With a new superintendent at the helm, the Tullahoma City Schools Board of Education has officially adopted a new vision and mission statement for the district.
At a November board retreat, members of the school board, along with the new Director of Schools John Carver, spent hours discussing where they wanted to take the students of Tullahoma in the future.
According to Carver, he and the board took stock of where the district currently is and where it needs to go for about four hours before refining that vision into a mission statement that encompasses the board’s wishes for Tullahoma students.
“Tullahoma City Schools (TCS) exist to provide challenging and innovative experiences that support each student’s academic, social and emotional development, preparing them to live with integrity and a sustained passion for learning,” says the new mission statement for the district.
The board adopted the new mission statement with a unanimous vote at its Monday, Nov. 26 meeting, with Carver showing enthusiasm for the new direction the district was going to take.
“This would be the foundation from which everything that we do going forward can build on,” Carver said.
Carver said the key to the mission statement was the idea about children’s passions – citing Nutrition Director Angela Cardwell’s journey as an example.
Carver shared a video interview he had with Cardwell in which she explained her passion for food service and serving her community as a teenager.
In the video, Cardwell explains she decided to forgo getting a doctorate in physical therapy in favor of following her passion for food service.
“I think the thing that’s important about that is she had a passion in high school for food service and for serving,” Carver said once the video concluded. “She went a different direction into college [but] ended up going back to what she was passionate about in the first place.”
The new mission statement “speaks to that” idea of leaning into students’ passions, he said.
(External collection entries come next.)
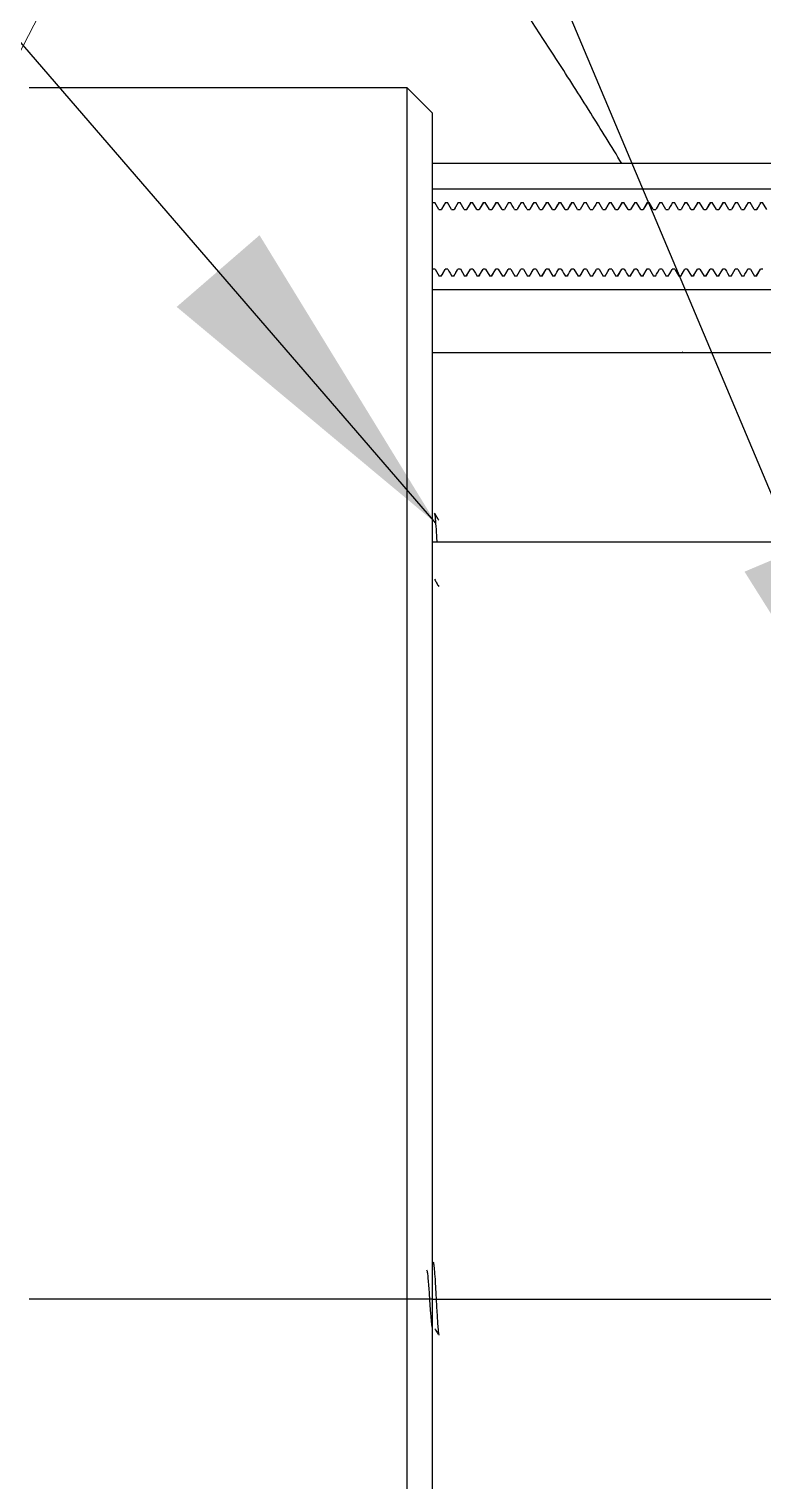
# Model space of a CAD drawing. Header units: millimetres. Extents: x 2 to 1187, y 2 to 839.
# Drawn here: x 599.64 to 606.91, y 754.81 to 769.2 of the extents above; entities that cross this region are included whole.
import ezdxf

# ---------------------------------------------------------------- set-up
doc = ezdxf.new("R2010")
doc.units = ezdxf.units.MM
doc.dimstyles.new('SLDDIMSTYLE0', dxfattribs={"dimtxt": 0.18, "dimasz": 3.302, "dimexe": 0, "dimexo": 0.0625, "dimgap": 0, "dimtad": 0, "dimtih": 1, "dimtoh": 1, "dimdec": 0, "dimrnd": 1e-09, "dimzin": 0, "dimdsep": 46, "dimtxsty": 'Standard', "dimsah": 1, "dimcen": 0.09, "dimadec": 0, "dimazin": 0, "dimtfac": 3.302, "dimtdec": 0, "dimtofl": 0, "dimtmove": 0, "dimatfit": 3, "dimfxl": 1, "dimfrac": 2, "dimtolj": 1, "dimtzin": 0, "dimarcsym": 0})

# ---------------------------------------------------------------- blocks, each defined once
blk = doc.blocks.new('SW_HATCH_0')
at = {"color": 0, "linetype": 'Continuous', "lineweight": 18}
blk.add_line((-67.216, 148.31), (-67.228, 148.299), dxfattribs=at)

msp = doc.modelspace()

# ---------------------------------------------------------------- linework, layer by layer
at = {"color": 7, "linetype": 'Continuous', "lineweight": 25}
for p, q in [((603.3858, 768.6149), (599.6358, 768.6149)), ((603.6358, 768.3649), (603.3858, 768.6149)), ((608.8858, 767.8649), (603.6358, 767.8649)), ((603.6358, 767.6149), (608.8795, 767.6149)), ((603.6407, 767.4808), (603.6585, 767.4808)), ((603.6997, 767.4093), (603.6585, 767.4807)), ((603.7657, 767.4813), (603.7244, 767.4098)), ((603.7657, 767.4808), (603.7835, 767.4808)), ((603.8248, 767.4098), (603.7835, 767.4814)), ((603.8907, 767.4804), (603.8494, 767.409)), ((603.8596, 767.4267), (603.8494, 767.4093)), ((603.8907, 767.4808), (603.9085, 767.4808)), ((603.9498, 767.4091), (603.9085, 767.4805)), ((604.0157, 767.4803), (603.9744, 767.409)), ((604.0156, 767.4808), (604.0335, 767.4808)), ((604.0747, 767.4089), (604.0335, 767.4803)), ((604.1407, 767.4813), (604.0994, 767.4098)), ((604.1407, 767.4808), (604.1585, 767.4808)), ((604.1997, 767.4097), (604.1585, 767.4812)), ((604.2302, 767.4193), (604.2243, 767.4093)), ((604.2657, 767.4809), (604.2245, 767.4094)), ((604.2657, 767.4808), (604.2835, 767.4808)), ((604.3248, 767.4095), (604.2835, 767.481)), ((604.3907, 767.4802), (604.3494, 767.4089)), ((604.3907, 767.4808), (604.4085, 767.4808)), ((604.5157, 767.4809), (604.4744, 767.4094)), ((604.5157, 767.4808), (604.5335, 767.4808)), ((604.6407, 767.4813), (604.5994, 767.4097)), ((604.6407, 767.4808), (604.6585, 767.4808)), ((604.6998, 767.4098), (604.6585, 767.4813)), ((604.7657, 767.4803), (604.7244, 767.409)), ((604.734, 767.4256), (604.7244, 767.4093)), ((604.7657, 767.4808), (604.7835, 767.4808)), ((604.8248, 767.4091), (604.7835, 767.4804)), ((604.8907, 767.4804), (604.8494, 767.409)), ((604.8906, 767.4808), (604.9085, 767.4808)), ((604.9497, 767.409), (604.9085, 767.4803)), ((605.0157, 767.4813), (604.9744, 767.4098)), ((605.0157, 767.4808), (605.0335, 767.4808)), ((605.0747, 767.4097), (605.0335, 767.4813)), ((605.1069, 767.4223), (605.0993, 767.4093)), ((605.1407, 767.4808), (605.0995, 767.4093)), ((605.1407, 767.4808), (605.1585, 767.4808)), ((605.1998, 767.4094), (605.1585, 767.4809)), ((605.2657, 767.4808), (605.2835, 767.4808)), ((605.3248, 767.4089), (605.2835, 767.4802)), ((605.3907, 767.4809), (605.3494, 767.4095)), ((605.3907, 767.4808), (605.4085, 767.4808)), ((605.4497, 767.4094), (605.4085, 767.4808)), ((605.5157, 767.4812), (605.4744, 767.4097)), ((605.5157, 767.4808), (605.5335, 767.4808)), ((605.5748, 767.4098), (605.5335, 767.4813)), ((605.6407, 767.4803), (605.5994, 767.409)), ((605.6081, 767.424), (605.5994, 767.4093)), ((605.6407, 767.4808), (605.6585, 767.4808)), ((605.6998, 767.409), (605.6585, 767.4804)), ((605.7657, 767.4805), (605.7244, 767.4091)), ((605.7657, 767.4808), (605.7835, 767.4808)), ((605.8247, 767.409), (605.7835, 767.4804)), ((605.8907, 767.4814), (605.8494, 767.4098)), ((605.8907, 767.4808), (605.9085, 767.4808)), ((605.9497, 767.4098), (605.9085, 767.4813)), ((605.9833, 767.4245), (605.9743, 767.4093)), ((606.0157, 767.4808), (606.0335, 767.4808)), ((606.0748, 767.4094), (606.0335, 767.4808)), ((606.1407, 767.4808), (606.1585, 767.4808)), ((606.2657, 767.481), (606.2244, 767.4095)), ((606.2657, 767.4808), (606.2835, 767.4808)), ((606.3247, 767.4095), (606.2835, 767.4809)), ((606.3907, 767.4812), (606.3494, 767.4097)), ((606.3907, 767.4808), (606.4085, 767.4808)), ((606.4498, 767.4097), (606.4085, 767.4813)), ((606.5157, 767.4803), (606.4744, 767.4089)), ((606.482, 767.422), (606.4745, 767.4092)), ((606.5157, 767.4808), (606.5335, 767.4808)), ((606.5748, 767.409), (606.5335, 767.4803)), ((606.6407, 767.4805), (606.5994, 767.4091)), ((606.6406, 767.4808), (606.6585, 767.4808)), ((606.6997, 767.4091), (606.6585, 767.4804)), ((606.7657, 767.4814), (606.7244, 767.4098)), ((606.7657, 767.4808), (606.7835, 767.4808)), ((606.8247, 767.4098), (606.7835, 767.4814)), ((606.8592, 767.4261), (606.8493, 767.4093)), ((606.8907, 767.4806), (606.8495, 767.4092)), ((606.8907, 767.4808), (606.9085, 767.4808)), ((606.9498, 767.4093), (606.9085, 767.4807)), ((603.6998, 767.4093), (603.7244, 767.4093)), ((603.8247, 767.4093), (603.8494, 767.4093)), ((603.9498, 767.4093), (603.9745, 767.4093)), ((604.0747, 767.4093), (604.0994, 767.4093)), ((604.1997, 767.4093), (604.2244, 767.4093)), ((604.3247, 767.4093), (604.3495, 767.4093)), ((604.3507, 767.411), (604.3496, 767.4092)), ((604.4498, 767.4093), (604.4744, 767.4093)), ((604.5748, 767.4093), (604.5994, 767.4093)), ((604.6997, 767.4093), (604.7244, 767.4093)), ((604.8248, 767.4093), (604.8495, 767.4093)), ((604.9497, 767.4093), (604.9744, 767.4093)), ((605.0747, 767.4093), (605.0994, 767.4093)), ((605.1998, 767.4093), (605.2245, 767.4093)), ((605.3248, 767.4093), (605.3494, 767.4093)), ((605.4498, 767.4093), (605.4744, 767.4093)), ((605.5747, 767.4093), (605.5994, 767.4093)), ((605.6998, 767.4093), (605.7244, 767.4093)), ((605.8247, 767.4093), (605.8494, 767.4093)), ((605.9497, 767.4093), (605.9744, 767.4093)), ((606.0748, 767.4093), (606.0995, 767.4093)), ((606.1998, 767.4093), (606.2244, 767.4093)), ((606.3247, 767.4093), (606.3494, 767.4093)), ((606.4497, 767.4093), (606.4744, 767.4093)), ((606.5748, 767.4093), (606.5994, 767.4093)), ((606.6997, 767.4093), (606.7244, 767.4093)), ((606.8247, 767.4093), (606.8494, 767.4093)), ((603.6619, 766.8205), (603.6372, 766.8205)), ((603.6619, 766.8201), (603.7032, 766.7485)), ((603.721, 766.749), (603.7032, 766.749)), ((603.721, 766.7486), (603.7622, 766.8201)), ((603.7869, 766.8205), (603.7622, 766.8205)), ((603.846, 766.749), (603.8282, 766.749)), ((603.846, 766.7488), (603.8873, 766.8203)), ((603.9119, 766.8205), (603.8872, 766.8205)), ((603.9119, 766.821), (603.9532, 766.7496)), ((603.971, 766.749), (603.9532, 766.749)), ((603.971, 766.7496), (604.0123, 766.8209)), ((604.0369, 766.8205), (604.0123, 766.8205)), ((604.096, 766.749), (604.0782, 766.749)), ((604.096, 766.7491), (604.1372, 766.8205)), ((604.1288, 766.8058), (604.1374, 766.8205)), ((604.1619, 766.8205), (604.1372, 766.8205)), ((604.1619, 766.82), (604.2032, 766.7485)), ((604.221, 766.749), (604.2032, 766.749)), ((604.221, 766.7485), (604.2623, 766.82)), ((604.2869, 766.8205), (604.2622, 766.8205)), ((604.2869, 766.8208), (604.3282, 766.7494)), ((604.346, 766.749), (604.3282, 766.749)), ((604.346, 766.7494), (604.3873, 766.8207)), ((604.412, 766.8205), (604.3873, 766.8205)), ((604.4119, 766.8208), (604.4532, 766.7494)), ((604.4711, 766.749), (604.4532, 766.749)), ((604.471, 766.7495), (604.5122, 766.8208)), ((604.5033, 766.8054), (604.5123, 766.8206)), ((604.5369, 766.8205), (604.5122, 766.8205)), ((604.5369, 766.82), (604.5782, 766.7485)), ((604.596, 766.749), (604.5782, 766.749)), ((604.596, 766.7486), (604.6372, 766.8201)), ((604.6619, 766.8205), (604.6372, 766.8205)), ((604.662, 766.8204), (604.7032, 766.749)), ((604.721, 766.749), (604.7032, 766.749)), ((604.721, 766.7489), (604.7623, 766.8204)), ((604.7869, 766.8205), (604.7622, 766.8205)), ((604.7869, 766.821), (604.8282, 766.7496)), ((604.846, 766.749), (604.8282, 766.749)), ((604.8871, 766.8207), (604.8872, 766.8209)), ((604.9119, 766.8205), (604.8873, 766.8205)), ((604.971, 766.749), (604.9532, 766.749)), ((605.0052, 766.8083), (605.0124, 766.8205)), ((605.0369, 766.8205), (605.0122, 766.8205)), ((605.0369, 766.8201), (605.0782, 766.7485)), ((605.096, 766.749), (605.0782, 766.749)), ((605.096, 766.7485), (605.1373, 766.82)), ((605.1619, 766.8205), (605.1372, 766.8205)), ((605.1619, 766.8208), (605.2032, 766.7495)), ((605.221, 766.749), (605.2032, 766.749)), ((605.221, 766.7494), (605.2623, 766.8208)), ((605.287, 766.8205), (605.2623, 766.8205)), ((605.2869, 766.8207), (605.3282, 766.7494)), ((605.346, 766.749), (605.3282, 766.749)), ((605.346, 766.7495), (605.3872, 766.8208)), ((605.3774, 766.8039), (605.3873, 766.8205)), ((605.4119, 766.8205), (605.3872, 766.8205)), ((605.4119, 766.82), (605.4532, 766.7485)), ((605.471, 766.749), (605.4532, 766.749)), ((605.471, 766.7485), (605.5122, 766.82)), ((605.5369, 766.8205), (605.5122, 766.8205)), ((605.596, 766.749), (605.5782, 766.749)), ((605.596, 766.749), (605.6373, 766.8204)), ((605.6619, 766.8205), (605.6373, 766.8205)), ((605.721, 766.749), (605.7032, 766.749)), ((605.721, 766.7496), (605.7622, 766.821)), ((605.7605, 766.818), (605.7621, 766.8206)), ((605.7869, 766.8205), (605.7623, 766.8205)), ((605.7869, 766.8203), (605.8282, 766.7488)), ((605.846, 766.749), (605.8282, 766.749)), ((605.8821, 766.8114), (605.8874, 766.8205)), ((605.9119, 766.8205), (605.8872, 766.8205)), ((605.9119, 766.8201), (605.9532, 766.7486)), ((605.971, 766.749), (605.9532, 766.749)), ((605.971, 766.7485), (606.0123, 766.8201)), ((606.0369, 766.8205), (606.0122, 766.8205)), ((606.0369, 766.8209), (606.0782, 766.7495)), ((606.096, 766.749), (606.0782, 766.749)), ((606.096, 766.7495), (606.1373, 766.8208)), ((606.162, 766.8205), (606.1373, 766.8205)), ((606.1619, 766.8207), (606.2032, 766.7493)), ((606.221, 766.749), (606.2032, 766.749)), ((606.221, 766.7494), (606.2622, 766.8208)), ((606.2519, 766.8029), (606.2623, 766.8205)), ((606.2869, 766.8205), (606.2622, 766.8205)), ((606.2869, 766.82), (606.3282, 766.7484)), ((606.346, 766.749), (606.3282, 766.749)), ((606.346, 766.7485), (606.3872, 766.82)), ((606.4119, 766.8205), (606.3872, 766.8205)), ((606.412, 766.8206), (606.4532, 766.7492)), ((606.471, 766.749), (606.4532, 766.749)), ((606.471, 766.7491), (606.5123, 766.8205)), ((606.5369, 766.8205), (606.5123, 766.8205)), ((606.596, 766.749), (606.5782, 766.749)), ((606.596, 766.7496), (606.6372, 766.8209)), ((606.6339, 766.8152), (606.6371, 766.8206)), ((606.6619, 766.8205), (606.6373, 766.8205)), ((606.6619, 766.8202), (606.7032, 766.7488)), ((606.721, 766.749), (606.7032, 766.749)), ((606.7592, 766.8151), (606.7624, 766.8205)), ((606.7869, 766.8205), (606.7622, 766.8205)), ((606.7869, 766.8202), (606.8282, 766.7487)), ((606.846, 766.749), (606.8282, 766.749)), ((606.846, 766.7486), (606.8873, 766.8201)), ((606.9119, 766.8205), (606.8872, 766.8205)), ((608.8795, 766.6149), (603.6358, 766.6149)), ((608.8858, 765.9899), (603.6358, 765.9899)), ((607.2608, 764.1149), (603.6358, 764.1149)), ((603.3858, 756.6149), (599.6358, 756.6149)), ((603.6358, 756.6149), (603.3858, 756.6149)), ((603.6358, 756.6149), (607.2608, 756.6149))]:
    msp.add_line(p, q, dxfattribs=at)
at = {"color": 7, "linetype": 'Continuous', "lineweight": 25, "flags": 128}
for points in [[(604.4498, 767.4089), (604.438, 767.4292), (604.4262, 767.4496), (604.4085, 767.4802)], [(604.5747, 767.4093), (604.563, 767.4297), (604.5512, 767.4501), (604.5335, 767.4808)], [(605.2657, 767.4802), (605.2539, 767.4598), (605.2421, 767.4395), (605.2244, 767.4089)], [(606.0157, 767.4807), (606.0039, 767.4603), (605.9922, 767.44), (605.9745, 767.4093)], [(606.1407, 767.4802), (606.1289, 767.4598), (606.1171, 767.4395), (606.0994, 767.4089)], [(606.1997, 767.4089), (606.188, 767.4292), (606.1762, 767.4496), (606.1585, 767.4802)], [(603.787, 766.8204), (603.7987, 766.8), (603.8105, 766.7796), (603.8282, 766.7489)], [(604.0369, 766.8204), (604.0487, 766.8001), (604.0604, 766.7797), (604.0782, 766.749)], [(604.846, 766.7496), (604.8578, 766.77), (604.8696, 766.7903), (604.8873, 766.821)], [(604.9119, 766.8204), (604.9237, 766.8), (604.9354, 766.7796), (604.9532, 766.7489)], [(604.971, 766.749), (604.9827, 766.7694), (604.9945, 766.7897), (605.0122, 766.8205)], [(605.537, 766.8205), (605.5487, 766.8001), (605.5605, 766.7798), (605.5782, 766.7491)], [(605.6619, 766.8209), (605.6737, 766.8006), (605.6855, 766.7802), (605.7032, 766.7496)], [(605.846, 766.7489), (605.8577, 766.7693), (605.8695, 766.7897), (605.8872, 766.8204)], [(606.5369, 766.8209), (606.5487, 766.8006), (606.5605, 766.7802), (606.5782, 766.7496)], [(606.721, 766.7489), (606.7327, 766.7692), (606.7445, 766.7896), (606.7622, 766.8203)]]:
    msp.add_lwpolyline(points, dxfattribs=at)
at = {"color": 7, "linetype": 'Continuous', "lineweight": 18}
msp.add_circle((623.8858, 756.6149), 27.2907, dxfattribs=at)
at = {"color": 7, "linetype": 'Continuous', "lineweight": 25}
for points, knots in [([(605.514, 767.8649), (605.409, 768.0353), (605.1833, 768.4015), (604.8689, 768.8925), (604.5731, 769.3458), (604.3266, 769.7161), (604.1336, 770.0022), (603.9937, 770.2076), (603.9031, 770.3397), (603.8915, 770.3565), (603.8858, 770.3649)], [0, 0, 0, 0, 0.1113827, 0.2393959, 0.3709185, 0.5024258, 0.6247283, 0.7470209, 0.8735127, 1, 1, 1, 1]), ([(603.7639, 767.4798), (603.7569, 767.4678), (603.7433, 767.4443), (603.7297, 767.4208), (603.723, 767.4093)], [0, 0, 0, 0, 0.510272, 1, 1, 1, 1]), ([(603.8861, 767.4701), (603.8862, 767.471), (603.8878, 767.4823), (603.8893, 767.4815), (603.8907, 767.4808)], [0, 0, 0, 0, 0.0743375, 1, 1, 1, 1]), ([(604.0139, 767.4787), (604.0069, 767.4667), (603.9935, 767.4436), (603.98, 767.4205), (603.9736, 767.4093)], [0, 0, 0, 0, 0.5177143, 1, 1, 1, 1]), ([(604.139, 767.4797), (604.132, 767.4677), (604.1184, 767.4443), (604.1048, 767.4208), (604.0982, 767.4093)], [0, 0, 0, 0, 0.5111704, 1, 1, 1, 1]), ([(604.2611, 767.4702), (604.2613, 767.4711), (604.2628, 767.4824), (604.2643, 767.4815), (604.2657, 767.4808)], [0, 0, 0, 0, 0.0722089, 1, 1, 1, 1]), ([(604.3861, 767.4706), (604.3863, 767.4713), (604.3878, 767.4805), (604.3893, 767.4806), (604.3907, 767.4808)], [0, 0, 0, 0, 0.0722532, 1, 1, 1, 1]), ([(604.514, 767.4792), (604.507, 767.4673), (604.4935, 767.444), (604.48, 767.4207), (604.4734, 767.4093)], [0, 0, 0, 0, 0.51422697, 1, 1, 1, 1]), ([(604.6388, 767.4798), (604.6319, 767.4678), (604.6183, 767.4443), (604.6047, 767.4208), (604.598, 767.4093)], [0, 0, 0, 0, 0.5104733, 1, 1, 1, 1]), ([(604.7611, 767.4701), (604.7612, 767.471), (604.7628, 767.4823), (604.7643, 767.4815), (604.7657, 767.4808)], [0, 0, 0, 0, 0.07477092, 1, 1, 1, 1]), ([(604.8889, 767.4787), (604.8819, 767.4668), (604.8685, 767.4436), (604.855, 767.4205), (604.8485, 767.4093)], [0, 0, 0, 0, 0.5173397, 1, 1, 1, 1]), ([(605.014, 767.4798), (605.007, 767.4678), (604.9934, 767.4443), (604.9798, 767.4208), (604.9731, 767.4093)], [0, 0, 0, 0, 0.5108279, 1, 1, 1, 1]), ([(605.1361, 767.4702), (605.1362, 767.471), (605.1378, 767.4824), (605.1393, 767.4815), (605.1407, 767.4808)], [0, 0, 0, 0, 0.0725305, 1, 1, 1, 1]), ([(605.2611, 767.4702), (605.2613, 767.471), (605.2628, 767.4821), (605.2643, 767.4814), (605.2657, 767.4808)], [0, 0, 0, 0, 0.0722503, 1, 1, 1, 1]), ([(605.389, 767.4793), (605.382, 767.4673), (605.3685, 767.444), (605.355, 767.4207), (605.3484, 767.4093)], [0, 0, 0, 0, 0.5136836, 1, 1, 1, 1]), ([(605.5138, 767.4797), (605.5068, 767.4677), (605.4933, 767.4443), (605.4796, 767.4208), (605.473, 767.4093)], [0, 0, 0, 0, 0.5107972, 1, 1, 1, 1]), ([(605.7639, 767.4788), (605.757, 767.4668), (605.7435, 767.4437), (605.73, 767.4205), (605.7235, 767.4093)], [0, 0, 0, 0, 0.5169203, 1, 1, 1, 1]), ([(605.889, 767.4798), (605.882, 767.4678), (605.8684, 767.4443), (605.8548, 767.4208), (605.8481, 767.4093)], [0, 0, 0, 0, 0.5105487, 1, 1, 1, 1]), ([(606.0111, 767.4702), (606.0112, 767.471), (606.0128, 767.4824), (606.0143, 767.4815), (606.0157, 767.4808)], [0, 0, 0, 0, 0.07284514, 1, 1, 1, 1]), ([(606.1361, 767.4705), (606.1363, 767.4712), (606.1378, 767.4811), (606.1393, 767.4809), (606.1407, 767.4808)], [0, 0, 0, 0, 0.0711409, 1, 1, 1, 1]), ([(606.264, 767.4794), (606.257, 767.4674), (606.2435, 767.4441), (606.2299, 767.4207), (606.2233, 767.4093)], [0, 0, 0, 0, 0.5131494, 1, 1, 1, 1]), ([(606.3888, 767.4797), (606.3818, 767.4677), (606.3682, 767.4442), (606.3546, 767.4208), (606.348, 767.4093)], [0, 0, 0, 0, 0.5112509, 1, 1, 1, 1]), ([(606.5111, 767.4701), (606.5112, 767.4709), (606.5128, 767.4823), (606.5143, 767.4815), (606.5157, 767.4808)], [0, 0, 0, 0, 0.07549852, 1, 1, 1, 1]), ([(606.6389, 767.4789), (606.632, 767.4669), (606.6185, 767.4437), (606.605, 767.4206), (606.5985, 767.4093)], [0, 0, 0, 0, 0.5164621, 1, 1, 1, 1]), ([(606.7639, 767.4798), (606.757, 767.4679), (606.7434, 767.4443), (606.7298, 767.4208), (606.7231, 767.4093)], [0, 0, 0, 0, 0.5103413, 1, 1, 1, 1]), ([(606.8861, 767.4702), (606.8862, 767.471), (606.8878, 767.4823), (606.8893, 767.4815), (606.8907, 767.4808)], [0, 0, 0, 0, 0.0731663, 1, 1, 1, 1]), ([(603.7229, 766.7501), (603.7299, 766.7621), (603.7434, 766.7856), (603.757, 766.809), (603.7637, 766.8205)], [0, 0, 0, 0, 0.5111142, 1, 1, 1, 1]), ([(603.8477, 766.7504), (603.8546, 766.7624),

“We need to identify the passion and the skills of every kid and get them situated so that they can chase that passion and also have a profession … and sustain the passion,” he said.
When students pursue and sustain their passions, they are more likely to be prepared to tackle the world, according to Carver.
Earlier this month, Carver said stoking the fire of each student’s individual interests will “empower them.”
“Planting in each child the desire to live with integrity, responsibility and sustaining passion for learning will empower our young people with the moral compass and grit to be a problem solver and a doer,” Carver said in an email to The News earlier this month.
Carver also lauded the district’s dedication to teaching to each child’s strengths, including their non-academic strengths.
“Few public school systems in Tennessee and beyond are bold enough to commit to supporting not only each child’s academic development, but also their social and emotional growth as well,” he said.